Theses and Dissertations Collection

Meltwater streams fed by glaciers, icefields, and snow frequently have flow, temperature, and biogeochemical regimes distinct from non-meltwater streams. This physicochemical heterogeneity may support a diversity of freshwater food webs in landscapes where meltwater and non-meltwater streams currently co-occur. Additionally, these streams exist along a continuum which may serve as a space-for-time proxy for changes to physicochemical conditions as glacial and snowmelt influence diminishes with climate change. However, there remains a paucity of knowledge about how food webs are assembled on these rapidly changing landscapes. In the following pages, I describe three studies which examine how the structure of food webs supporting Pacific salmon vary between four streams in coastal southeast Alaska: glacier-fed, snow-fed, rain-fed, and one fed by a combination of rain, snow and glacial-melt. I first assess the temporal dynamics and synchrony of abiotic patterns and biomass waves of the trophic base of the food web. I then analyze the community structure and secondary production dynamics of the aquatic invertebrate community at an annual scale. Lastly, I present quantitative flow food web models using trophic-basis-of-production approach to illuminate the pathways of energy flow that support juvenile salmon. Using these approaches, I found that these cryospheric streams vary greatly in the biophysical patterns and community diversity and structuring.
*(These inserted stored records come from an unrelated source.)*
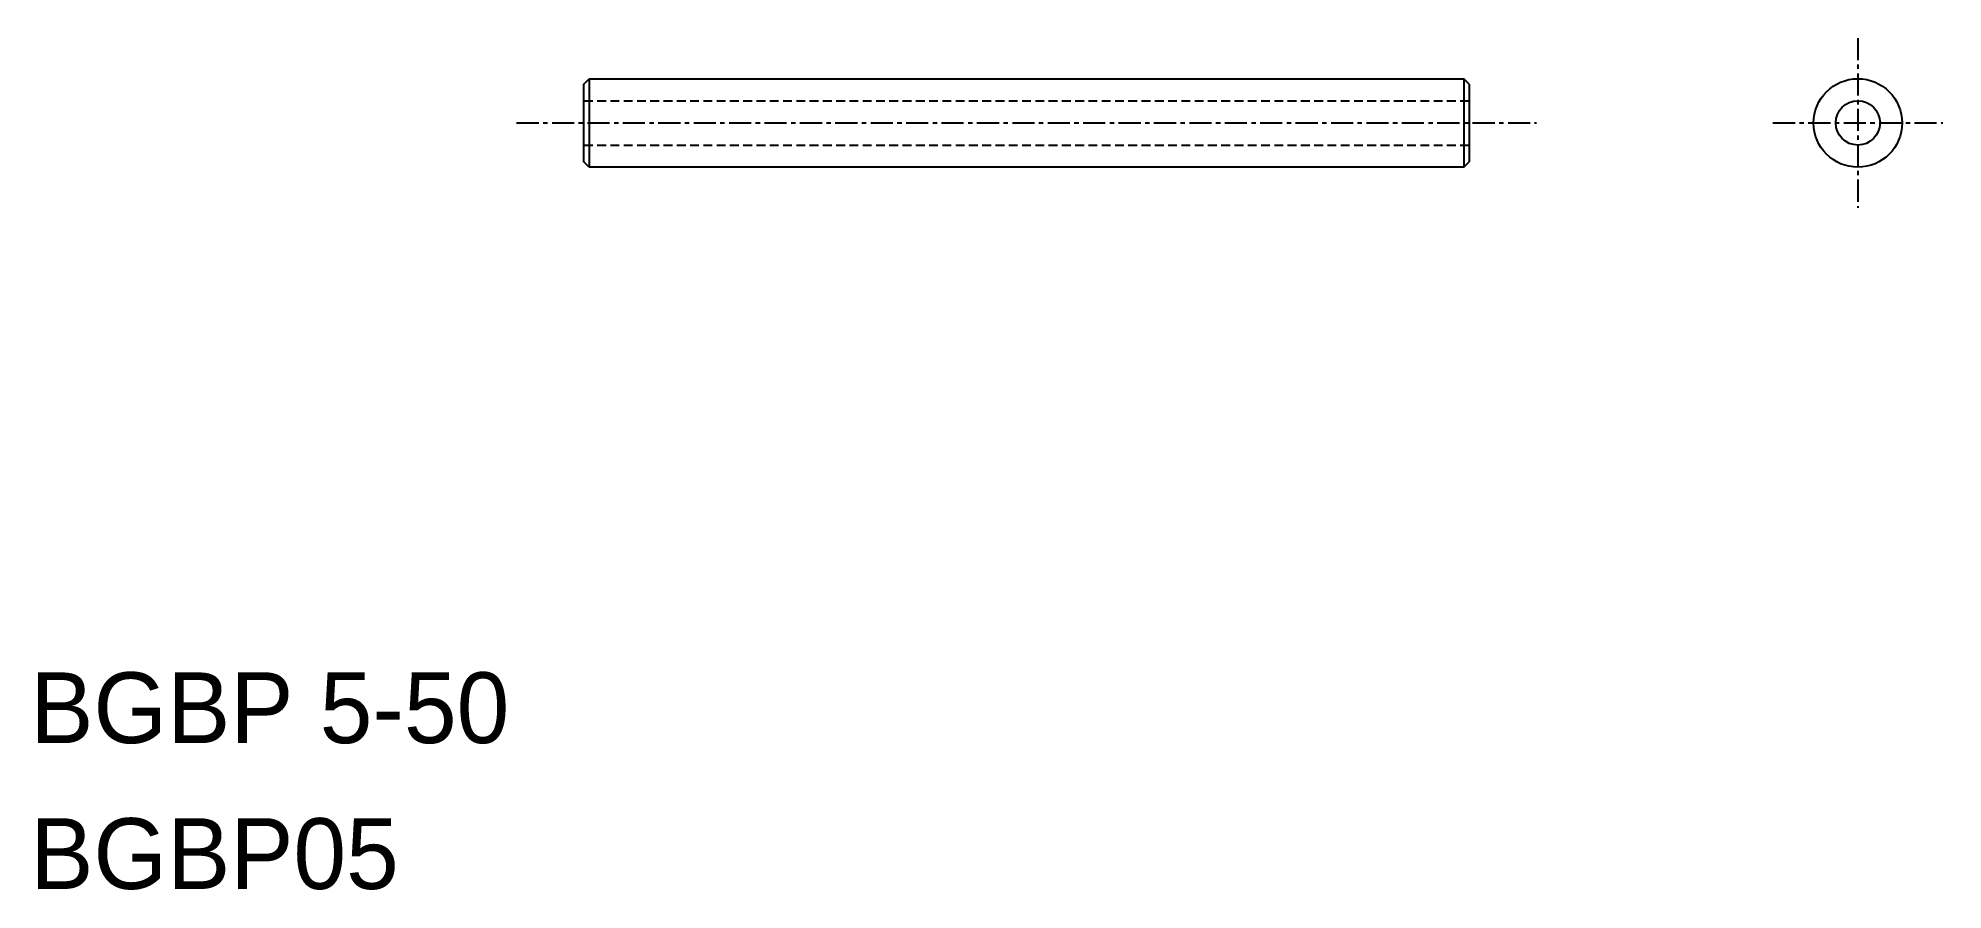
# Model space of a CAD drawing. Extents: x 59 to 167, y 44 to 92.
import ezdxf

# ---------------------------------------------------------------- set-up
doc = ezdxf.new("R2010")
doc.units = 0
doc.linetypes.add('CENTER', pattern=[2, 1.25, -0.25, 0.25, -0.25])
doc.linetypes.add('DASHED', pattern=[0.75, 0.5, -0.25])
doc.layers.get('0').update_dxf_attribs({"linetype": 'CONTINUOUS'})
doc.layers.add('CENTER', color=1, linetype='CENTER')

msp = doc.modelspace()

# ---------------------------------------------------------------- linework, layer by layer
at = {"color": 7, "linetype": 'CONTINUOUS'}
for p, q in [((89.74, 89.26), (90.04, 89.56)), ((90.04, 89.56), (139.44, 89.56)), ((90.04, 89.56), (90.04, 84.56)), ((139.44, 89.56), (139.44, 84.56)), ((139.74, 89.26), (139.44, 89.56)), ((89.74, 84.86), (89.74, 89.26)), ((139.74, 89.26), (139.74, 84.86)), ((90.04, 84.56), (89.74, 84.86)), ((139.44, 84.56), (90.04, 84.56)), ((139.44, 84.56), (139.74, 84.86))]:
    msp.add_line(p, q, dxfattribs=at)
at = {"color": 3, "linetype": 'DASHED'}
for p, q in [((89.74, 88.31), (139.74, 88.31)), ((89.74, 85.81), (139.74, 85.81))]:
    msp.add_line(p, q, dxfattribs=at)
at = {"color": 7, "linetype": 'CONTINUOUS'}
for radius in [2.5, 1.25]:
    msp.add_circle((161.7, 87.06), radius, dxfattribs=at)
at = {"layer": 'CENTER', "color": 1, "linetype": 'CENTER'}
for p, q in [((161.7, 91.86), (161.7, 82.26)), ((85.94, 87.06), (143.54, 87.06)), ((156.9, 87.06), (166.5, 87.06))]:
    msp.add_line(p, q, dxfattribs=at)

# ---------------------------------------------------------------- texts
at = {"color": 7, "linetype": 'CONTINUOUS'}
for s, p in [('BGBP 5-50', (58.47, 52.02)), ('BGBP05', (58.47, 43.78))]:
    msp.add_text(s, height=4, dxfattribs=at).set_placement(p)

doc.saveas('drawing.dxf')

These differences, in turn, create distinct trophic pathways that support fish production between stream types with few shared links between and a greater number of resource flows supporting Coho and Dolly Varden in glacial- and snowmelt streams and substantial overlap in rainwater and combined-signature sites. Although glacial meltwater streams may be less productive overall, they support fish via distinct and diverse pathways from non-meltwater streams and contribute to landscape variation and prey community beta diversity is theorized to increase food resilience and stability. This may be especially true for mobile consumers like juvenile salmon which may track different growth opportunities and energy flow pathways across spatially structured food webs. As glacial and snowmelt contributions to surface waters decline, these distinct meltwater food webs are at risk of extirpation, which could leave salmon populations vulnerable to disturbance and may simplify the overall community structure on the landscape.